Stanley by-election, 7 May 2015
| Party |  | Candidate | Votes | % | ±% |
|---|---|---|---|---|---|
|  | Conservative | Kim Taylor-Smith | 2,349 | 69.4 |  |
|  | Labour | Isabel Grace | 693 | 20.5 |  |
|  | Independent | Ian Henderson | 343 | 10.1 |  |
| Majority |  |  | 1,656 | 48.9 |  |
| Turnout |  |  | 3,385 | 52.3 |  |
|  | Conservative hold |  | Swing |  |  |

The by-election was called following the resignation of Cllr Merrick Cockell.

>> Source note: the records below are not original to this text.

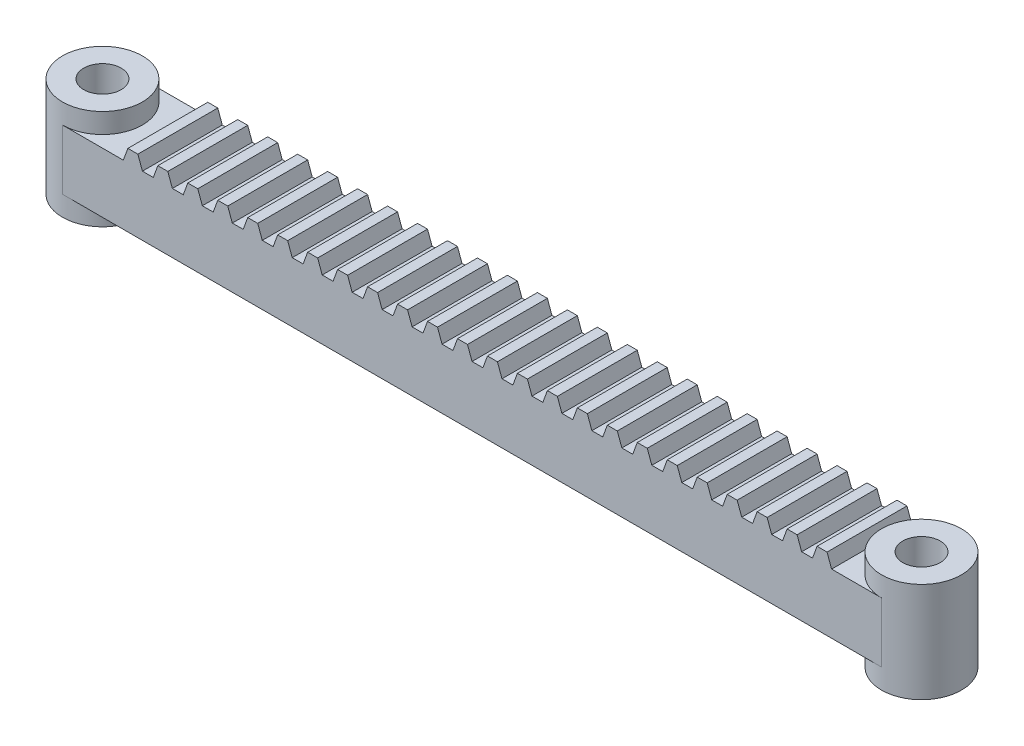
SolidWorks part; units mm, degrees
material "Galvanized Steel"
ref_plane "Front Plane" through (0, 0, 0) normal (0, 0, 1) x (1, 0, 0)
ref_plane "Top Plane" through (0, 0, 0) normal (0, 1, 0) x (1, 0, 0)
ref_plane "Right Plane" through (0, 0, 0) normal (1, 0, 0) x (0, 0, -1)
sketch "Sketch2" plane through (0, 0, 0) normal (0, 1, 0) x (1, 0, 0)
  line L1 (-82, -8) -> (82, -8)
  line L2 (-82, -8) -> (-82, 8) construction
  line L3 (-82, 8) -> (82, 8)
  line L4 (82, -8) -> (82, 8) construction
  line L5 (-82, -8) -> (82, 8) construction
  line L6 (-82, 8) -> (82, -8) construction
  circle A0 centre (-82, 0) radius 8
  circle A1 centre (82, 0) radius 8
  circle A2 centre (-82, 0) radius 3.75
  circle A3 centre (82, 0) radius 3.75
  point P0 (0, 0)
  dimension "D1" = 164
  dimension "D2" = 16
  dimension "D3" = 7.5
  dimension "D4" = 7.5
extrude "Boss-Extrude1" add sketch "Sketch2" along normal blind 20 contours A0 A2 | A1 A3 region at (-89.7737, 0, 0) region at (74.2263, 0, 0)
extrude "Boss-Extrude2" add sketch "Sketch2<3>" along normal blind 12 from offset 4 contours A1 L3 A0 L1 region at (0, 0, 0)
sketch "Sketch2<3>" plane through (0, 0, 0) normal (0, 1, 0) x (1, 0, 0) same geometry as "Sketch2"
sketch "Sketch3" plane through (0, 0, 8) normal (0, 0, 1) x (1, 0, 0)
  line L0 (72, 16) -> (71.0901, 18.5)
  line L1 (-82, 16) -> (82, 16) construction
  line L2 (71.0901, 18.5) -> (69.0901, 18.5)
  line L3 (69.0901, 18.5) -> (68.1801, 16)
  line L4 (68.1801, 16) -> (66, 16)
  line L5 (66, 16) -> (65.0901, 18.5)
  line L6 (65.0901, 18.5) -> (63.0901, 18.5)
  line L7 (63.0901, 18.5) -> (62.1801, 16)
  line L8 (82, 16) -> (74, 16) construction
  line L9 (57.0901, 18.5) -> (56.1801, 16)
  line L10 (72, 16) -> (42, 16) construction
  line L11 (59.0901, 18.5) -> (57.0901, 18.5)
  line L12 (62.1801, 16) -> (60, 16)
  line L13 (60, 16) -> (59.0901, 18.5)
  line L14 (63.0901, 18.5) -> (62.1801, 16)
  line L15 (65.0901, 18.5) -> (63.0901, 18.5)
  line L16 (66, 16) -> (65.0901, 18.5)
  line L17 (51.0901, 18.5) -> (50.1801, 16)
  line L18 (53.0901, 18.5) -> (51.0901, 18.5)
  line L19 (56.1801, 16) -> (54, 16)
  line L20 (54, 16) -> (53.0901, 18.5)
  line L21 (57.0901, 18.5) -> (56.1801, 16)
  line L22 (59.0901, 18.5) -> (57.0901, 18.5)
  line L23 (60, 16) -> (59.0901, 18.5)
  line L24 (45.0901, 18.5) -> (44.1801, 16)
  line L25 (47.0901, 18.5) -> (45.0901, 18.5)
  line L26 (50.1801, 16) -> (48, 16)
  line L27 (48, 16) -> (47.0901, 18.5)
  line L28 (51.0901, 18.5) -> (50.1801, 16)
  line L29 (53.0901, 18.5) -> (51.0901, 18.5)
  line L30 (54, 16) -> (53.0901, 18.5)
  line L31 (39.0901, 18.5) -> (38.1801, 16)
  line L32 (41.0901, 18.5) -> (39.0901, 18.5)
  line L33 (44.1801, 16) -> (42, 16)
  line L34 (42, 16) -> (41.0901, 18.5)
  line L35 (45.0901, 18.5) -> (44.1801, 16)
  line L36 (47.0901, 18.5) -> (45.0901, 18.5)
  line L37 (48, 16) -> (47.0901, 18.5)
  line L38 (33.0901, 18.5) -> (32.1801, 16)
  line L39 (35.0901, 18.5) -> (33.0901, 18.5)
  line L40 (38.1801, 16) -> (36, 16)
  line L41 (36, 16) -> (35.0901, 18.5)
  line L42 (39.0901, 18.5) -> (38.1801, 16)
  line L43 (41.0901, 18.5) -> (39.0901, 18.5)
  line L44 (42, 16) -> (41.0901, 18.5)
  line L45 (27.0901, 18.5) -> (26.1801, 16)
  line L46 (29.0901, 18.5) -> (27.0901, 18.5)
  line L47 (32.1801, 16) -> (30, 16)
  line L48 (30, 16) -> (29.0901, 18.5)
  line L49 (33.0901, 18.5) -> (32.1801, 16)
  line L50 (35.0901, 18.5) -> (33.0901, 18.5)
  line L51 (36, 16) -> (35.0901, 18.5)
  line L52 (21.0901, 18.5) -> (20.1801, 16)
  line L53 (23.0901, 18.5) -> (21.0901, 18.5)
  line L54 (26.1801, 16) -> (24, 16)
  line L55 (24, 16) -> (23.0901, 18.5)
  line L56 (27.0901, 18.5) -> (26.1801, 16)
  line L57 (29.0901, 18.5) -> (27.0901, 18.5)
  line L58 (30, 16) -> (29.0901, 18.5)
  line L59 (15.0901, 18.5) -> (14.1801, 16)
  line L60 (17.0901, 18.5) -> (15.0901, 18.5)
  line L61 (20.1801, 16) -> (18, 16)
  line L62 (18, 16) -> (17.0901, 18.5)
  line L63 (21.0901, 18.5) -> (20.1801, 16)
  line L64 (23.0901, 18.5) -> (21.0901, 18.5)
  line L65 (24, 16) -> (23.0901, 18.5)
  line L66 (9.0901, 18.5) -> (8.1801, 16)
  line L67 (11.0901, 18.5) -> (9.0901, 18.5)
  line L68 (14.1801, 16) -> (12, 16)
  line L69 (12, 16) -> (11.0901, 18.5)
  line L70 (15.0901, 18.5) -> (14.1801, 16)
  line L71 (17.0901, 18.5) -> (15.0901, 18.5)
  line L72 (18, 16) -> (17.0901, 18.5)
  line L73 (3.0901, 18.5) -> (2.1801, 16)
  line L74 (5.0901, 18.5) -> (3.0901, 18.5)
  line L75 (8.1801, 16) -> (6, 16)
  line L76 (6, 16) -> (5.0901, 18.5)
  line L77 (9.0901, 18.5) -> (8.1801, 16)
  line L78 (11.0901, 18.5) -> (9.0901, 18.5)
  line L79 (12, 16) -> (11.0901, 18.5)
  line L80 (-2.9099, 18.5) -> (-3.8199, 16)
  line L81 (-0.9099, 18.5) -> (-2.9099, 18.5)
  line L82 (2.1801, 16) -> (0, 16)
  line L83 (0, 16) -> (-0.9099, 18.5)
  line L84 (3.0901, 18.5) -> (2.1801, 16)
  line L85 (5.0901, 18.5) -> (3.0901, 18.5)
  line L86 (6, 16) -> (5.0901, 18.5)
  line L87 (-8.9099, 18.5) -> (-9.8199, 16)
  line L88 (-6.9099, 18.5) -> (-8.9099, 18.5)
  line L89 (-3.8199, 16) -> (-6, 16)
  line L90 (-6, 16) -> (-6.9099, 18.5)
  line L91 (-2.9099, 18.5) -> (-3.8199, 16)
  line L92 (-0.9099, 18.5) -> (-2.9099, 18.5)
  line L93 (0, 16) -> (-0.9099, 18.5)
  line L94 (-14.9099, 18.5) -> (-15.8199, 16)
  line L95 (-12.9099, 18.5) -> (-14.9099, 18.5)
  line L96 (-9.8199, 16) -> (-12, 16)
  line L97 (-12, 16) -> (-12.9099, 18.5)
  line L98 (-8.9099, 18.5) -> (-9.8199, 16)
  line L99 (-6.9099, 18.5) -> (-8.9099, 18.5)
  line L100 (-6, 16) -> (-6.9099, 18.5)
  line L101 (-20.9099, 18.5) -> (-21.8199, 16)
  line L102 (-18.9099, 18.5) -> (-20.9099, 18.5)
  line L103 (-15.8199, 16) -> (-18, 16)
  line L104 (-18, 16) -> (-18.9099, 18.5)
  line L105 (-14.9099, 18.5) -> (-15.8199, 16)
  line L106 (-12.9099, 18.5) -> (-14.9099, 18.5)
  line L107 (-12, 16) -> (-12.9099, 18.5)
  line L108 (-26.9099, 18.5) -> (-27.8199, 16)
  line L109 (-24.9099, 18.5) -> (-26.9099, 18.5)
  line L110 (-21.8199, 16) -> (-24, 16)
  line L111 (-24, 16) -> (-24.9099, 18.5)
  line L112 (-20.9099, 18.5) -> (-21.8199, 16)
  line L113 (-18.9099, 18.5) -> (-20.9099, 18.5)
  line L114 (-18, 16) -> (-18.9099, 18.5)
  line L115 (-32.9099, 18.5) -> (-33.8199, 16)
  line L116 (-30.9099, 18.5) -> (-32.9099, 18.5)
  line L117 (-27.8199, 16) -> (-30, 16)
  line L118 (-30, 16) -> (-30.9099, 18.5)
  line L119 (-26.9099, 18.5) -> (-27.8199, 16)
  line L120 (-24.9099, 18.5) -> (-26.9099, 18.5)
  line L121 (-24, 16) -> (-24.9099, 18.5)
  line L122 (-38.9099, 18.5) -> (-39.8199, 16)
  line L123 (-36.9099, 18.5) -> (-38.9099, 18.5)
  line L124 (-33.8199, 16) -> (-36, 16)
  line L125 (-36, 16) -> (-36.9099, 18.5)
  line L126 (-32.9099, 18.5) -> (-33.8199, 16)
  line L127 (-30.9099, 18.5) -> (-32.9099, 18.5)
  line L128 (-30, 16) -> (-30.9099, 18.5)
  line L129 (-44.9099, 18.5) -> (-45.8199, 16)
  line L130 (-42.9099, 18.5) -> (-44.9099, 18.5)
  line L131 (-39.8199, 16) -> (-42, 16)
  line L132 (-42, 16) -> (-42.9099, 18.5)
  line L133 (-38.9099, 18.5) -> (-39.8199, 16)
  line L134 (-36.9099, 18.5) -> (-38.9099, 18.5)
  line L135 (-36, 16) -> (-36.9099, 18.5)
  line L136 (-50.9099, 18.5) -> (-51.8199, 16)
  line L137 (-48.9099, 18.5) -> (-50.9099, 18.5)
  line L138 (-45.8199, 16) -> (-48, 16)
  line L139 (-48, 16) -> (-48.9099, 18.5)
  line L140 (-44.9099, 18.5) -> (-45.8199, 16)
  line L141 (-42.9099, 18.5) -> (-44.9099, 18.5)
  line L142 (-42, 16) -> (-42.9099, 18.5)
  line L143 (-56.9099, 18.5) -> (-57.8199, 16)
  line L144 (-54.9099, 18.5) -> (-56.9099, 18.5)
  line L145 (-51.8199, 16) -> (-54, 16)
  line L146 (-54, 16) -> (-54.9099, 18.5)
  line L147 (-50.9099, 18.5) -> (-51.8199, 16)
  line L148 (-48.9099, 18.5) -> (-50.9099, 18.5)
  line L149 (-48, 16) -> (-48.9099, 18.5)
  line L150 (-62.9099, 18.5) -> (-63.8199, 16)
  line L151 (-60.9099, 18.5) -> (-62.9099, 18.5)
  line L152 (-57.8199, 16) -> (-60, 16)
  line L153 (-60, 16) -> (-60.9099, 18.5)
  line L154 (-56.9099, 18.5) -> (-57.8199, 16)
  line L155 (-54.9099, 18.5) -> (-56.9099, 18.5)
  line L156 (-54, 16) -> (-54.9099, 18.5)
  line L157 (-68.9099, 18.5) -> (-69.8199, 16)
  line L158 (-66.9099, 18.5) -> (-68.9099, 18.5)
  line L159 (-63.8199, 16) -> (-66, 16)
  line L160 (-66, 16) -> (-66.9099, 18.5)
  line L161 (-62.9099, 18.5) -> (-63.8199, 16)
  line L162 (-60.9099, 18.5) -> (-62.9099, 18.5)
  line L163 (-60, 16) -> (-60.9099, 18.5)
  line L164 (72, 16) -> (-69.8199, 16)
  line M12 (82, 16) -> (-82, 16)
  dimension "D1" = 2
  dimension "D2" = 40
  dimension "D3" = 40
  dimension "D4" = 2
  dimension "D5" = 2.5
  dimension "D6" = 2.5
  dimension "D7" = 6
  dimension "D8" = 18
  dimension "D9" = 23
  dimension "D10" = 6
extrude "Boss-Extrude3" add sketch "Sketch3" against normal up to surface (16 mm away) contours L160 L158 L157 M12 | L153 L151 L150 M12 | L146 L144 L143 M12 | L139 L137 L136 M12 | L132 L130 L129 M12 | L125 L123 L122 M12 | L118 L116 L115 M12 | L111 L109 L108 M12 | L104 L102 L101 M12 | L97 L95 L94 M12 | L90 L88 L87 M12 | L83 L81 L80 M12 | L76 L74 L73 M12 | L69 L67 L66 M12 | L62 L60 L59 M12 | L55 L53 L52 M12 | L48 L46 L45 M12 | L41 L39 L38 M12 | L34 L32 L31 M12 | L27 L25 L24 M12 | L20 L18 L17 M12 | L13 L11 L9 M12 | L6 L7 L5 M12 | L2 L3 L0 M12 region at (70.0901, 17.1197, 8) region at (-67.9099, 17.1197, 8) region at (-61.9099, 17.1197, 8) region at (-55.9099, 17.1197, 8) region at (-49.9099, 17.1197, 8) region at (-43.9099, 17.1197, 8) region at (-37.9099, 17.1197, 8) region at (-31.9099, 17.1197, 8) region at (-25.9099, 17.1197, 8) region at (-19.9099, 17.1197, 8) region at (-13.9099, 17.1197, 8) region at (-7.9099, 17.1197, 8) region at (-1.9099, 17.1197, 8) region at (4.0901, 17.1197, 8) region at (10.0901, 17.1197, 8) region at (16.0901, 17.1197, 8) region at (22.0901, 17.1197, 8) region at (28.0901, 17.1197, 8) region at (34.0901, 17.1197, 8) region at (40.0901, 17.1197, 8) region at (46.0901, 17.1197, 8) region at (52.0901, 17.1197, 8) region at (58.0901, 17.1197, 8) region at (64.0901, 17.1197, 8) up to face at (0, 10, -8)

Abingdon by-election, 5 May 2016 (2 seats)
| Party |  | Candidate | Votes | % | ±% |
|---|---|---|---|---|---|
|  | Conservative | Sarah Addenbrooke | 1,716 |  |  |
|  | Conservative | Anne Cyron | 1,470 |  |  |
|  | Labour | Benjamin Fernando | 395 |  |  |
|  | Labour | Nigel Wilkins | 298 |  |  |
|  | Liberal Democrats | Jeremy Good | 220 |  |  |
|  | Liberal Democrats | Jonathan Owen | 210 |  |  |
|  | UKIP | Richard Braine | 85 |  |  |
|  | UKIP | Jack Bovill | 76 |  |  |
| Majority |  |  | 1,075 |  |  |
| Turnout |  |  |  | 46.4 |  |
|  | Conservative hold |  | Swing |  |  |
|  | Conservative hold |  | Swing |  |  |

The by-election was called following the resignations of Cllrs Victoria Borwick MP and Joanna Gardner.

=== 2018–2022 ===

Dalgarno by-election, 21 March 2019
| Party |  | Candidate | Votes | % | ±% |
|---|---|---|---|---|---|
|  | Labour | Kasim Ali | 719 | 55.4 | −15.0 |
|  | Conservative | Samia Bentayeb | 306 | 23.6 | +1.6 |
|  | Liberal Democrats | Alexandra Tatton-Brown | 145 | 11.2 | +3.5 |
|  | UKIP | Callum Hutton | 68 | 5.2 | +5.2 |
|  | Green | Angela Georgievski | 61 | 4.7 | +4.7 |
| Majority |  |  | 413 | 31.8 |  |
| Turnout |  |  | 1,299 |  |  |
|  | Labour hold |  | Swing |  |  |

The by-election was called following the resignation of Cllr Robert Thompson.

=== 2022–2026 ===

Norland by-election, 2 May 2024
| Party |  | Candidate | Votes | % | ±% |
|---|---|---|---|---|---|
|  | Conservative | Stéphanie Petit | 902 | 51.0 |  |
|  | Labour | Monica Press | 514 | 29.1 |  |
|  | Liberal Democrats | Finlay Dargan | 229 | 13.0 |  |
|  | Green | Heloise Hunter | 123 | 7.0 |  |
| Majority |  |  | 388 | 22.0 |  |
| Turnout |  |  | 1,768 | 46.2 |  |
|  | Conservative hold |  | Swing |  |  |

The by-election was called following the resignation of Cllr Stuart Graham.